INPUT MATERIAL:
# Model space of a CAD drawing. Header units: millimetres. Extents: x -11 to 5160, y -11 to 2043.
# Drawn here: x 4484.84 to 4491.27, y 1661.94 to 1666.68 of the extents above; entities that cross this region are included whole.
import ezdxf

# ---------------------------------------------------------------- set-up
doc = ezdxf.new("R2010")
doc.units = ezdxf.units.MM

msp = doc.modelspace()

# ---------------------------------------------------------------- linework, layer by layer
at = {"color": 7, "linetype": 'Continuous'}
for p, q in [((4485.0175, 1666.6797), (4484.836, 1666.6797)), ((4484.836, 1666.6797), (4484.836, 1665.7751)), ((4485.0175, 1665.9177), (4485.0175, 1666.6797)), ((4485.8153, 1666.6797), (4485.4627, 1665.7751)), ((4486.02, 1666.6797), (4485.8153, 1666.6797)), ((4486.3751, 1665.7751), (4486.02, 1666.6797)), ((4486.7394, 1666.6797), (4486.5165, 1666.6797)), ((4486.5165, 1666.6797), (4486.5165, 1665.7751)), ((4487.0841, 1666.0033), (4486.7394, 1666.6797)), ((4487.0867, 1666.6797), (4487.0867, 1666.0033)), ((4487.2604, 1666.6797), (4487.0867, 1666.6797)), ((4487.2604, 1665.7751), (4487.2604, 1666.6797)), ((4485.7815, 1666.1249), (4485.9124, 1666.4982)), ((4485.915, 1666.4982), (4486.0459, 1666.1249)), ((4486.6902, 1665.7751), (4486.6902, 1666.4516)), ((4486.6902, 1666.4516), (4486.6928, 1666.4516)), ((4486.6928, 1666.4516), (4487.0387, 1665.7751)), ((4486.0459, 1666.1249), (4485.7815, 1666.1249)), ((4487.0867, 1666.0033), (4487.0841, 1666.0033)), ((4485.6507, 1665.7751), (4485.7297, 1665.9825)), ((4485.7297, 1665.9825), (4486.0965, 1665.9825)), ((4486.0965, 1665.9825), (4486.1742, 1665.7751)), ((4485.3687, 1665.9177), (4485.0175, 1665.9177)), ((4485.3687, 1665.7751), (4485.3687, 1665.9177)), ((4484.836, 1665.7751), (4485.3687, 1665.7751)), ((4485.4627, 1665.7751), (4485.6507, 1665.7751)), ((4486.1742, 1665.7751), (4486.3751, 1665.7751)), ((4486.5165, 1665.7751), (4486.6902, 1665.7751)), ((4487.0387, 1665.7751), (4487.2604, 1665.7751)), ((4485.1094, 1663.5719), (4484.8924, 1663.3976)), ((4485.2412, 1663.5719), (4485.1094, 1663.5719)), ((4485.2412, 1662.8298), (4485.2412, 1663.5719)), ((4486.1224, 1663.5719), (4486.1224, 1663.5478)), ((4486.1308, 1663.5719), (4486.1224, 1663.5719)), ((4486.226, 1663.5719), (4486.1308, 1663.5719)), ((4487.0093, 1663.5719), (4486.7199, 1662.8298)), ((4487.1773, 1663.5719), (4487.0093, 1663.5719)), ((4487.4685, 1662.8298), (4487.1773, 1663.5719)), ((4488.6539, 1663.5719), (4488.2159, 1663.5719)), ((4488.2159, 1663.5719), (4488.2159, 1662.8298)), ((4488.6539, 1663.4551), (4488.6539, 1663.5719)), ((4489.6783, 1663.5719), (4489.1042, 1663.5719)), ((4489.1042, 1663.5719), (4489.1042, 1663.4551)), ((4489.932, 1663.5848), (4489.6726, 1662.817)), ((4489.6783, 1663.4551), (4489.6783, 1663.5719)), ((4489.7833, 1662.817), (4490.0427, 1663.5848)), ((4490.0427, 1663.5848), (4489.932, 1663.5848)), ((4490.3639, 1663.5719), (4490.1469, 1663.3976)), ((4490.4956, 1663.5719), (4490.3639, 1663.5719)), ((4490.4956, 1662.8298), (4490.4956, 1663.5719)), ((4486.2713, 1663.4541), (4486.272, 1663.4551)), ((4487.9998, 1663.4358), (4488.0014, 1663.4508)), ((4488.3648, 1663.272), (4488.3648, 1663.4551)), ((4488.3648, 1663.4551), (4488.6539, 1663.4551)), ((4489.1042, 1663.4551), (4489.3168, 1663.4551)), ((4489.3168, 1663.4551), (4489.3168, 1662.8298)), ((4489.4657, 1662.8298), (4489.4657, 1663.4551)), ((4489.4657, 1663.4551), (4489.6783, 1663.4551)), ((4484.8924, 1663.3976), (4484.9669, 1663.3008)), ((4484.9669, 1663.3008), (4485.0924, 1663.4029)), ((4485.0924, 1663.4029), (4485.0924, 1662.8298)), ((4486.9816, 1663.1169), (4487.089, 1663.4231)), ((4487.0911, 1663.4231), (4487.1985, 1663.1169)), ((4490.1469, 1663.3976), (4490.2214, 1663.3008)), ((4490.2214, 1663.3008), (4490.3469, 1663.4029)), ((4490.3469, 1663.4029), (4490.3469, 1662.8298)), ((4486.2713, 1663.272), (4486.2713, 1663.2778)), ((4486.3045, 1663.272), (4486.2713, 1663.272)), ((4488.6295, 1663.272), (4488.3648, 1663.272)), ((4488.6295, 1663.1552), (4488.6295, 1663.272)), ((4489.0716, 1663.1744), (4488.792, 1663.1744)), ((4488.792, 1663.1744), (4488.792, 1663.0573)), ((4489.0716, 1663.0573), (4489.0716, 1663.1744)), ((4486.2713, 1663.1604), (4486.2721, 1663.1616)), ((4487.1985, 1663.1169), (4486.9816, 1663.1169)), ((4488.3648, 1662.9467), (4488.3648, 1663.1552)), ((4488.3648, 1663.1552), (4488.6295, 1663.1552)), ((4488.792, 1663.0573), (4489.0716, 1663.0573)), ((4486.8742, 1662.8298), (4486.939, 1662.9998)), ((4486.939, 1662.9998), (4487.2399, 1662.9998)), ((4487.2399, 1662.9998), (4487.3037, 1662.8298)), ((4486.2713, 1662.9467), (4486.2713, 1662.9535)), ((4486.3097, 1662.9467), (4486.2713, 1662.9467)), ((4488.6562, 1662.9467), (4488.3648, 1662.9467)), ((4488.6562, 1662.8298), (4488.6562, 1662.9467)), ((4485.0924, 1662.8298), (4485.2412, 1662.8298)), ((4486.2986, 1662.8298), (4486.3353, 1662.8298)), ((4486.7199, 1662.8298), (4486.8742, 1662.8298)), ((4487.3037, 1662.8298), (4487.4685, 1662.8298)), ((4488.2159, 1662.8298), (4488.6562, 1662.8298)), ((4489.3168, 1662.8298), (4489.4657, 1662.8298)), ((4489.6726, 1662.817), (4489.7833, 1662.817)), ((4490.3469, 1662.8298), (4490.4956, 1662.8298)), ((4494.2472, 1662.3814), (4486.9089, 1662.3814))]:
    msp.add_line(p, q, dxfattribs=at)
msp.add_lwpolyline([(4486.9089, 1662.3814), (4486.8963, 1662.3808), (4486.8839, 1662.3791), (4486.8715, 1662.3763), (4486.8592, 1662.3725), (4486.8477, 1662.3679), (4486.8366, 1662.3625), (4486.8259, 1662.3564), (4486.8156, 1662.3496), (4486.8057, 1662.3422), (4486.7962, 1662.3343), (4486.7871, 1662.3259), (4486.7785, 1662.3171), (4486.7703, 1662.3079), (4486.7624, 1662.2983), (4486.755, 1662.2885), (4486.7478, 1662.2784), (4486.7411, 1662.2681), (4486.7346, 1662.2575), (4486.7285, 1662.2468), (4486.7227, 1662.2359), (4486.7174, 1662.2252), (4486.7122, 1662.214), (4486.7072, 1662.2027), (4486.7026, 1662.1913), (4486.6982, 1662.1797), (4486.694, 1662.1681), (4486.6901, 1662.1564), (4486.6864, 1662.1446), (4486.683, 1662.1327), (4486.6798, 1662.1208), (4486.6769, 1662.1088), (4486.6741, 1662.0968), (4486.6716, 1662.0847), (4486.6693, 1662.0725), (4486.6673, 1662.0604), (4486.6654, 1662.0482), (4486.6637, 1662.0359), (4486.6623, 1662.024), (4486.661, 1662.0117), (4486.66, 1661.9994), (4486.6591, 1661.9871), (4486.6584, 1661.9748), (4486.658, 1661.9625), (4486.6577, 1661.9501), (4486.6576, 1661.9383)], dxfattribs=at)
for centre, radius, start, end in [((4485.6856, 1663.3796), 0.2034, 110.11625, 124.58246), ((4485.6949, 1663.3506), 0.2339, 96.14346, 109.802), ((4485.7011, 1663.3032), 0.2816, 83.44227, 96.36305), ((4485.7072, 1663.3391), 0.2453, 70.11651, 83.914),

HOW TO COMPLETE THIS TASK: Output, unchanged, only the lines from the one that holds "msp.add_line(p, q, dxfattribs=at)" through the last line of the material above.

RESULT:
    msp.add_line(p, q, dxfattribs=at)
msp.add_lwpolyline([(4486.9089, 1662.3814), (4486.8963, 1662.3808), (4486.8839, 1662.3791), (4486.8715, 1662.3763), (4486.8592, 1662.3725), (4486.8477, 1662.3679), (4486.8366, 1662.3625), (4486.8259, 1662.3564), (4486.8156, 1662.3496), (4486.8057, 1662.3422), (4486.7962, 1662.3343), (4486.7871, 1662.3259), (4486.7785, 1662.3171), (4486.7703, 1662.3079), (4486.7624, 1662.2983), (4486.755, 1662.2885), (4486.7478, 1662.2784), (4486.7411, 1662.2681), (4486.7346, 1662.2575), (4486.7285, 1662.2468), (4486.7227, 1662.2359), (4486.7174, 1662.2252), (4486.7122, 1662.214), (4486.7072, 1662.2027), (4486.7026, 1662.1913), (4486.6982, 1662.1797), (4486.694, 1662.1681), (4486.6901, 1662.1564), (4486.6864, 1662.1446), (4486.683, 1662.1327), (4486.6798, 1662.1208), (4486.6769, 1662.1088), (4486.6741, 1662.0968), (4486.6716, 1662.0847), (4486.6693, 1662.0725), (4486.6673, 1662.0604), (4486.6654, 1662.0482), (4486.6637, 1662.0359), (4486.6623, 1662.024), (4486.661, 1662.0117), (4486.66, 1661.9994), (4486.6591, 1661.9871), (4486.6584, 1661.9748), (4486.658, 1661.9625), (4486.6577, 1661.9501), (4486.6576, 1661.9383)], dxfattribs=at)
for centre, radius, start, end in [((4485.6856, 1663.3796), 0.2034, 110.11625, 124.58246), ((4485.6949, 1663.3506), 0.2339, 96.14346, 109.802), ((4485.7011, 1663.3032), 0.2816, 83.44227, 96.36305), ((4485.7072, 1663.3391), 0.2453, 70.11651, 83.914),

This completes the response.